Member of the Virginia Senate from the Dinwiddie, Sussex, Greensville district
- In office October 5, 1869 – December 5, 1871
- Preceded by: George W. Bolling
- Succeeded by: William N. Stevens

Personal details
- Born: May 24, 1809 Laurens, Otsego County, New York
- Died: April 7, 1883 (aged 73) Petersburg, Virginia
- Party: Republican
- Spouse(s): Hannah Burnside; M. Susan Walker
- Children: 3 sons, 3 daughters
- Profession: farmer, politician

= David G. Carr =

American politician

David Green Carr (May 24, 1809 - April 7, 1889), who settled in Dinwiddie County, Virginia and farmed before the American Civil War, after the war's end became active in the Republican Party and served in the Virginia Constitutional Convention of 1868, in the Virginia Senate and as customs collector in Petersburg.

==Early and family life==
Born in 1809 in rural Laurens, Otsego County, New York to Mary Greene Carr (1789-1845) and her husband George Carr (1786-1858), he was descended on his father's side from colonial Rhode Island governor Caleb Carr. David G. Carr married Hannah Burnside (1811-1855) by 1833, and they had 3 sons and 3 daughters before the family moved to Dinwiddie County, Virginia, where Carr had purchased 380 acres near San Marino. However, his wife died of cancer on February 10, 1855. After her death Carr returned to New York, where he married widow Susan M Walker (1820-1882), who also moved to Dinwiddie County with him, and with whom he had a daughter, Hannah (b. 1859). Son Charles H. Carr (1833-1862) and daughter Eveline Carr (b. 1837) (who both appeared on the 1850 census with their mother) do not appear on the 1860 Virginia census, although son Henry C. Carr (1839-1873) and daughter Mariett (b. 1846) appear on both censuses.

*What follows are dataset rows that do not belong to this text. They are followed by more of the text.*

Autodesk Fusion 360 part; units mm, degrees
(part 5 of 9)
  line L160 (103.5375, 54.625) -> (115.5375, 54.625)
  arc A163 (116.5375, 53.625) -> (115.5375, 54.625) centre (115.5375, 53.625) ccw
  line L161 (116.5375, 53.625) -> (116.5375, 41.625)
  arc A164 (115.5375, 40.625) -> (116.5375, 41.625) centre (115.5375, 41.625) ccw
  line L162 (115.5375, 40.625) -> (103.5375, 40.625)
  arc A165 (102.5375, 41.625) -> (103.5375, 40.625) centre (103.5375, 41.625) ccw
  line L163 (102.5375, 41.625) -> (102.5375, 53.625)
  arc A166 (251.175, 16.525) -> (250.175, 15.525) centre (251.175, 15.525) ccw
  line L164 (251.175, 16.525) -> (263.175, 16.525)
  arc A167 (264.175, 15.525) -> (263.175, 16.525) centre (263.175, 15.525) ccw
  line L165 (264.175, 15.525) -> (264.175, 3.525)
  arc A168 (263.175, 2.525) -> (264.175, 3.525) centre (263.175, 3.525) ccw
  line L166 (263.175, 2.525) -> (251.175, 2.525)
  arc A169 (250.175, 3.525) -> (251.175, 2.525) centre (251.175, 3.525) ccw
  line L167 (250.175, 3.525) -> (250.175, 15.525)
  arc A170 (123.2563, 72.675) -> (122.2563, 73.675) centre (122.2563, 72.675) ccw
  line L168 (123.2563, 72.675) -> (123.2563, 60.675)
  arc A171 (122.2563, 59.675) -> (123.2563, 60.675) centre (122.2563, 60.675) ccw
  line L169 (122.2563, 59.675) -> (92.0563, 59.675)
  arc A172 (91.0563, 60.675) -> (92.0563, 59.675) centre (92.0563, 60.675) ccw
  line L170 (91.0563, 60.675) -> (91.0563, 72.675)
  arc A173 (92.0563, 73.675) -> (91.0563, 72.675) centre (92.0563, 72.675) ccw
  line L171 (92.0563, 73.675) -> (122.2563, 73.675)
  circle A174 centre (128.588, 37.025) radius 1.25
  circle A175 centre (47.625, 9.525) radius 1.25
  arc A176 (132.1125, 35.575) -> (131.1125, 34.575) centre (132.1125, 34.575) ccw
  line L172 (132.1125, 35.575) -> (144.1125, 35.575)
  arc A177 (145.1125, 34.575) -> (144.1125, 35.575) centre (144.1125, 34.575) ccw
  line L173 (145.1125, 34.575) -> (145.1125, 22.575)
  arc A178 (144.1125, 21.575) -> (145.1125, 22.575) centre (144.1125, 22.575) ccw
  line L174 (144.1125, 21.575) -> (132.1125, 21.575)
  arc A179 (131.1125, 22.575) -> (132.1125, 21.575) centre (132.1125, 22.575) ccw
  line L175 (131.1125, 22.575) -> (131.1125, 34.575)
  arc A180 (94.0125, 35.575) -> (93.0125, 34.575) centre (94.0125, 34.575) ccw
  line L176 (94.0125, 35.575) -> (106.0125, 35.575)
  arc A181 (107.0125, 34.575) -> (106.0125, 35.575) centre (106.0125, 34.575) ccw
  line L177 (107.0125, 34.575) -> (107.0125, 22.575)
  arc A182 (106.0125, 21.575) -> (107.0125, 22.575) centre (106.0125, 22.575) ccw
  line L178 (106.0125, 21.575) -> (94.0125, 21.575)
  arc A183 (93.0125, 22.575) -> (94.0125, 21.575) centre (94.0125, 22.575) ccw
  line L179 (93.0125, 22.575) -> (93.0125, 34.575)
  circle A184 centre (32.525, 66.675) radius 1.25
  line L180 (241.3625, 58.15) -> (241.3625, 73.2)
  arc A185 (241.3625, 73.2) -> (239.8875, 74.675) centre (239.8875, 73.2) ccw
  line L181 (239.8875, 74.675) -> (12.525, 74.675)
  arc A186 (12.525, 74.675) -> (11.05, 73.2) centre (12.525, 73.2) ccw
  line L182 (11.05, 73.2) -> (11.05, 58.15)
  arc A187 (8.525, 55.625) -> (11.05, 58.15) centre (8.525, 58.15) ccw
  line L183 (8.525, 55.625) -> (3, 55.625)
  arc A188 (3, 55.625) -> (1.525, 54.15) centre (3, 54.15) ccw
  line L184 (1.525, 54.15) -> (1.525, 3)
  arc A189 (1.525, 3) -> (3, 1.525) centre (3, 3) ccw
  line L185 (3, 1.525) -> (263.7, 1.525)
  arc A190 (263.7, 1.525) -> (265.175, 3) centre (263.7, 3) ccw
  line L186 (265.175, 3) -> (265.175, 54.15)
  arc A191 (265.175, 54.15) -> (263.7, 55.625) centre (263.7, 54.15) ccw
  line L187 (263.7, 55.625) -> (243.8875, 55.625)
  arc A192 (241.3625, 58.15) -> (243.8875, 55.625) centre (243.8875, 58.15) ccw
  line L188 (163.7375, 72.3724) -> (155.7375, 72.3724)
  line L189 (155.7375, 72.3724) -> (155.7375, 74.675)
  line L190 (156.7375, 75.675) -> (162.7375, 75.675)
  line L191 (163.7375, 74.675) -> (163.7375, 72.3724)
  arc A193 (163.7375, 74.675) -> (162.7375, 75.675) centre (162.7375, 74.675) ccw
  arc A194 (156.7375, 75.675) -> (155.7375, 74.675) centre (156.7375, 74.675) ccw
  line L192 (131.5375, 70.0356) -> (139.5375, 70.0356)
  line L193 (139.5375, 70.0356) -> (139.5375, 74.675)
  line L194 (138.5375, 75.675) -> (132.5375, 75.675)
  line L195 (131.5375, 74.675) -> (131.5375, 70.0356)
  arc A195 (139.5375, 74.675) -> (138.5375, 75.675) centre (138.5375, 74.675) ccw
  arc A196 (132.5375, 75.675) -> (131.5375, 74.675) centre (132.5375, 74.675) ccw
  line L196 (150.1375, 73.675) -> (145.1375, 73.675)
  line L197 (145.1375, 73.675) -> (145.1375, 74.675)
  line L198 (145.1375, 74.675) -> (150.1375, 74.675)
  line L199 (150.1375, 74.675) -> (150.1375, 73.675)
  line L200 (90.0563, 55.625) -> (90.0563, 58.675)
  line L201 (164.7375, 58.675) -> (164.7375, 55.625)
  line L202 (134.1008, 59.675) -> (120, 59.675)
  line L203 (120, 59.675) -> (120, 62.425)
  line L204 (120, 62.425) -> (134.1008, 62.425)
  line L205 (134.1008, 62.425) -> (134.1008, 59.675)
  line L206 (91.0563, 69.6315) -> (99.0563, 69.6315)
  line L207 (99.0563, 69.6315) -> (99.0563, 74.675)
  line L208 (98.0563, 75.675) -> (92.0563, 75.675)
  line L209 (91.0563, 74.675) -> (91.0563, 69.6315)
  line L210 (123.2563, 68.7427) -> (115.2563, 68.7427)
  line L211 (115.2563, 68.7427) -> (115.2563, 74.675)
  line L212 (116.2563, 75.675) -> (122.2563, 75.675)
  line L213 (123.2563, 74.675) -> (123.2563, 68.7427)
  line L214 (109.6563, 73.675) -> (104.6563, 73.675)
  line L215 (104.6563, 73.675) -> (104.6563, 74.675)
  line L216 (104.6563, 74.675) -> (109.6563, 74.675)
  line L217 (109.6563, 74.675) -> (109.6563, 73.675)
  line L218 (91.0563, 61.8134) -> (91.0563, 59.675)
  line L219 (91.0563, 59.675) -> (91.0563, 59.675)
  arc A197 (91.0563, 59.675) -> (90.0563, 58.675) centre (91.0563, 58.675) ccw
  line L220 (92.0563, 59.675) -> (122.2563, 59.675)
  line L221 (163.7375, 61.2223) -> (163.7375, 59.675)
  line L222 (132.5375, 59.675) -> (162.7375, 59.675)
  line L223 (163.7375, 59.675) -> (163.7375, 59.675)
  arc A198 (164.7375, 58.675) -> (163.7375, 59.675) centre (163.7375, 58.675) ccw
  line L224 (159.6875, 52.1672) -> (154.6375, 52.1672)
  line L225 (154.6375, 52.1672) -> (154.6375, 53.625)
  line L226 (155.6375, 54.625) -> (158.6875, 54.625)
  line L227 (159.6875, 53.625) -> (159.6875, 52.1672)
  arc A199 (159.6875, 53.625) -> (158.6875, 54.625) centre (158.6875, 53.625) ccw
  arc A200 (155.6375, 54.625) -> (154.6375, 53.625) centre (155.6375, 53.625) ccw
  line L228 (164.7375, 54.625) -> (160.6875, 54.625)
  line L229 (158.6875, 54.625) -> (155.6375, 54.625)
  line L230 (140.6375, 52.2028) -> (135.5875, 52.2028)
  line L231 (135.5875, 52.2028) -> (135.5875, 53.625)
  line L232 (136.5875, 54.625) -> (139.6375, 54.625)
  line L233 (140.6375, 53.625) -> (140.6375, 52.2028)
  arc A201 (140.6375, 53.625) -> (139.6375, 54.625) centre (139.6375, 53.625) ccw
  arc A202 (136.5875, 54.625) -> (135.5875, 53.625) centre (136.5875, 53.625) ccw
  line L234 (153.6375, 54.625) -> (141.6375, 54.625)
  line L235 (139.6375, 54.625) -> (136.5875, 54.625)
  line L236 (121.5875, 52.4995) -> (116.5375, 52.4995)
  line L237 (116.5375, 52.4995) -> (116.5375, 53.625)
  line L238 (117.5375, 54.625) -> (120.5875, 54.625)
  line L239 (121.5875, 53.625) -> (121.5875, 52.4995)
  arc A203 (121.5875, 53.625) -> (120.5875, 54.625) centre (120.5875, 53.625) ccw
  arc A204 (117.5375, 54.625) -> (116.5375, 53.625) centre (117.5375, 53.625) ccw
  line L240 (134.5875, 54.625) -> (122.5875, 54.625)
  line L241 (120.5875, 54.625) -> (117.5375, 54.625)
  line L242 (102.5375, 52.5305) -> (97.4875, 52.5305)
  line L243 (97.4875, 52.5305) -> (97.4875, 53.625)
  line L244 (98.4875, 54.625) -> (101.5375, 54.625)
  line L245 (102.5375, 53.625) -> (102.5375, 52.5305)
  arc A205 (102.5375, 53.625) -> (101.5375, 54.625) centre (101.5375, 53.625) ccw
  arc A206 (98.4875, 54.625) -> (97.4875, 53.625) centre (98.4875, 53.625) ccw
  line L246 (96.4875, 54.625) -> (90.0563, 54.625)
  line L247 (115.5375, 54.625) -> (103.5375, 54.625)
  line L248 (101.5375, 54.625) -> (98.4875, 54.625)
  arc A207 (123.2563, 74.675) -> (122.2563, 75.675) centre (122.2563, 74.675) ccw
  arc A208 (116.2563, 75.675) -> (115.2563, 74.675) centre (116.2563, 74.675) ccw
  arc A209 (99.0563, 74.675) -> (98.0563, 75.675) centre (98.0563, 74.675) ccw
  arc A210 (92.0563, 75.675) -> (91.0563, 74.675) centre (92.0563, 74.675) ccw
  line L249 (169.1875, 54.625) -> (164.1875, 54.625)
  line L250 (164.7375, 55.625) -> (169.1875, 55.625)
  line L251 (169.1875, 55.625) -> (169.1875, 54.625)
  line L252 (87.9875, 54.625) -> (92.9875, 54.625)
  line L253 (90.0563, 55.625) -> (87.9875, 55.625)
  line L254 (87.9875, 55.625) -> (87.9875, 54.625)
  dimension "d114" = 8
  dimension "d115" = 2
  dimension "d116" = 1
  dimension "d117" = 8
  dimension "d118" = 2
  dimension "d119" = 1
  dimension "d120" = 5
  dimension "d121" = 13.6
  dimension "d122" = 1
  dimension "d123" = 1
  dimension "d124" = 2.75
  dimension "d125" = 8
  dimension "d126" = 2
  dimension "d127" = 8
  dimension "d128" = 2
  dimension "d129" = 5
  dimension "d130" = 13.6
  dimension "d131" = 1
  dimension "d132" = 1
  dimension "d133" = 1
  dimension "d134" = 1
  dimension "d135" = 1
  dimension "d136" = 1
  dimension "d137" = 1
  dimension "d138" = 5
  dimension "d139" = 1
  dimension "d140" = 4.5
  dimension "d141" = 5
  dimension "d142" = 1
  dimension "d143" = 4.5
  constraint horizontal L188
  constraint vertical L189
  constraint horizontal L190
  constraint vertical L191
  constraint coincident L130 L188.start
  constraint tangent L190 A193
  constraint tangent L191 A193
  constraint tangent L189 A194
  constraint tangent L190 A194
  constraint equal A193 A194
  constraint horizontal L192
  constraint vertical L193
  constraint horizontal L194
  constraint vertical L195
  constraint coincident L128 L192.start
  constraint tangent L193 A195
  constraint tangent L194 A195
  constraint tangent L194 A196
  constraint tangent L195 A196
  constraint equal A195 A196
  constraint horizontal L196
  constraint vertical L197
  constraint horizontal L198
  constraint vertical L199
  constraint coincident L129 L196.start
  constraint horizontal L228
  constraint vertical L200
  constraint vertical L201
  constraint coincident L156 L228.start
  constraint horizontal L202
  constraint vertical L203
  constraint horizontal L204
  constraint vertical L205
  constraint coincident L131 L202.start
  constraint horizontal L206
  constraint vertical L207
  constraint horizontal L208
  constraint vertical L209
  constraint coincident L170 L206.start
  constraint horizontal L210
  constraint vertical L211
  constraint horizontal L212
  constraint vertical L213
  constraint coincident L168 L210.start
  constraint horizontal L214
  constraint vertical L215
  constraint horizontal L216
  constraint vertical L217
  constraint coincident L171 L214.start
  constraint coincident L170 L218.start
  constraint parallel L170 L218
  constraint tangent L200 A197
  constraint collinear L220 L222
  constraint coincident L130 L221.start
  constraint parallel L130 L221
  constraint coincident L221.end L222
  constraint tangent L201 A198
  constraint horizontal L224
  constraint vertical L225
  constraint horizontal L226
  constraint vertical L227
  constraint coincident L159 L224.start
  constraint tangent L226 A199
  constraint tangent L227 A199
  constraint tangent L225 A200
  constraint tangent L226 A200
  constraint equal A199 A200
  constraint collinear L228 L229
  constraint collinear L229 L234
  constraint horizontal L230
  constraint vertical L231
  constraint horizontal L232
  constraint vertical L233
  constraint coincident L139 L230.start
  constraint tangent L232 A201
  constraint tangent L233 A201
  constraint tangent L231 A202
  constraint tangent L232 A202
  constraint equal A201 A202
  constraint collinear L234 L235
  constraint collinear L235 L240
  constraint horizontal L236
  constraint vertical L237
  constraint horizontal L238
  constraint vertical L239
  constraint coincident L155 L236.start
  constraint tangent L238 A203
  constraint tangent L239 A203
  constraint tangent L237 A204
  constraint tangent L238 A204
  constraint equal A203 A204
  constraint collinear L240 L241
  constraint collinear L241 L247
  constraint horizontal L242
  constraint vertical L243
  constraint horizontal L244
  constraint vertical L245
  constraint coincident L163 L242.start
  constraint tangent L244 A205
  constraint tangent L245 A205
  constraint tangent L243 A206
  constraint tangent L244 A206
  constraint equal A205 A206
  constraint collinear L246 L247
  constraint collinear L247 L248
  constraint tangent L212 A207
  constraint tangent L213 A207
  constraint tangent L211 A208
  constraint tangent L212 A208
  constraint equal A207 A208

Charles H. Carr did move to Virginia with his parents, but he and his wife (whom he married in 1856) lived nearby in Petersburg, and they had a daughter and son before Charles was conscripted into the 41st Virginia Infantry in March 1862. By May private Carr was hospitalized at Camp Winder hospital in Richmond because of dysentery, and he committed suicide with a revolver the following month while ill with typhoid fever.

==Career==

David Carr became active in the Republican party after the American Civil War, perhaps embittered by his elder son's conscription and death, or his daughter-in-law's move with the young grandchildren back to New York. Petersburg and Dinwiddie County had become battlefields, especially late in the war, and Carr later filed documents for tools, grain and hogs (among other items) destroyed or taken by Union troops from his farm.

In the first postwar election, in which emancipated blacks were a majority of the county's voters, David Carr and William Reed were elected to represent Dinwiddie and neighboring Prince George county at the Virginia Constitutional Convention of 1868. Carr had overwhelming support from African American voters, and chaired the Committee on Pardoning Powers and Committee on Currency, Banking and Insurance Companies, but seldom spoke during the public sessions. In January 1868 he introduced a resolution proposing to close the Virginia Military Institute and distribute the proceeds to fund public schools. Delegate Carr also supported proposals disenfranchising Confederate officers and officials (which voters failed to approve) the following year.
Occupying military authorities appointed Carr an election registrar in 1869. Voters in Dinwiddie and neighboring Greensville and Sussex counties easily elected Carr to the Virginia Senate in 1869 (the first election after adopting the new state constitution). The Petersburg Index grouped Carr with carpetbaggers, notwithstanding his nearly two decades of residence in the county, perhaps in part because he succeeded George W. Bolling (1806-1875), of the long locally prominent Bolling family, who had received a prompt pardon from President Andrew Johnson despite his namesake son's Confederate military service and had won the seat in 1865. In 1869 Carr was nominated as the customs collector in Petersburg, and Congress confirmed his appointment on April 21, 1870. Carr then gave his farm to his son Henry (who had married in 1867) and moved to Petersburg, but Henry Carr died in 1873. In the 1871 election, the Senatorial district's voters replaced Carr with William N. Stevens, a free-born black lawyer and Republican politician who would represent Sussex County and adjoining areas for much of two decades. President Rutherford B. Hayes returned David Carr to his customs post in 1877, and he held the position until shortly before his death.

==Death and legacy==
David Carr, a Mason, died of chronic gastric problems on April 7, 1883, less than a year after his second wife. He was buried beside her and one of his daughters in historic Blandford Cemetery. The Petersburg Daily Index-Appeal gave him a fond obituary.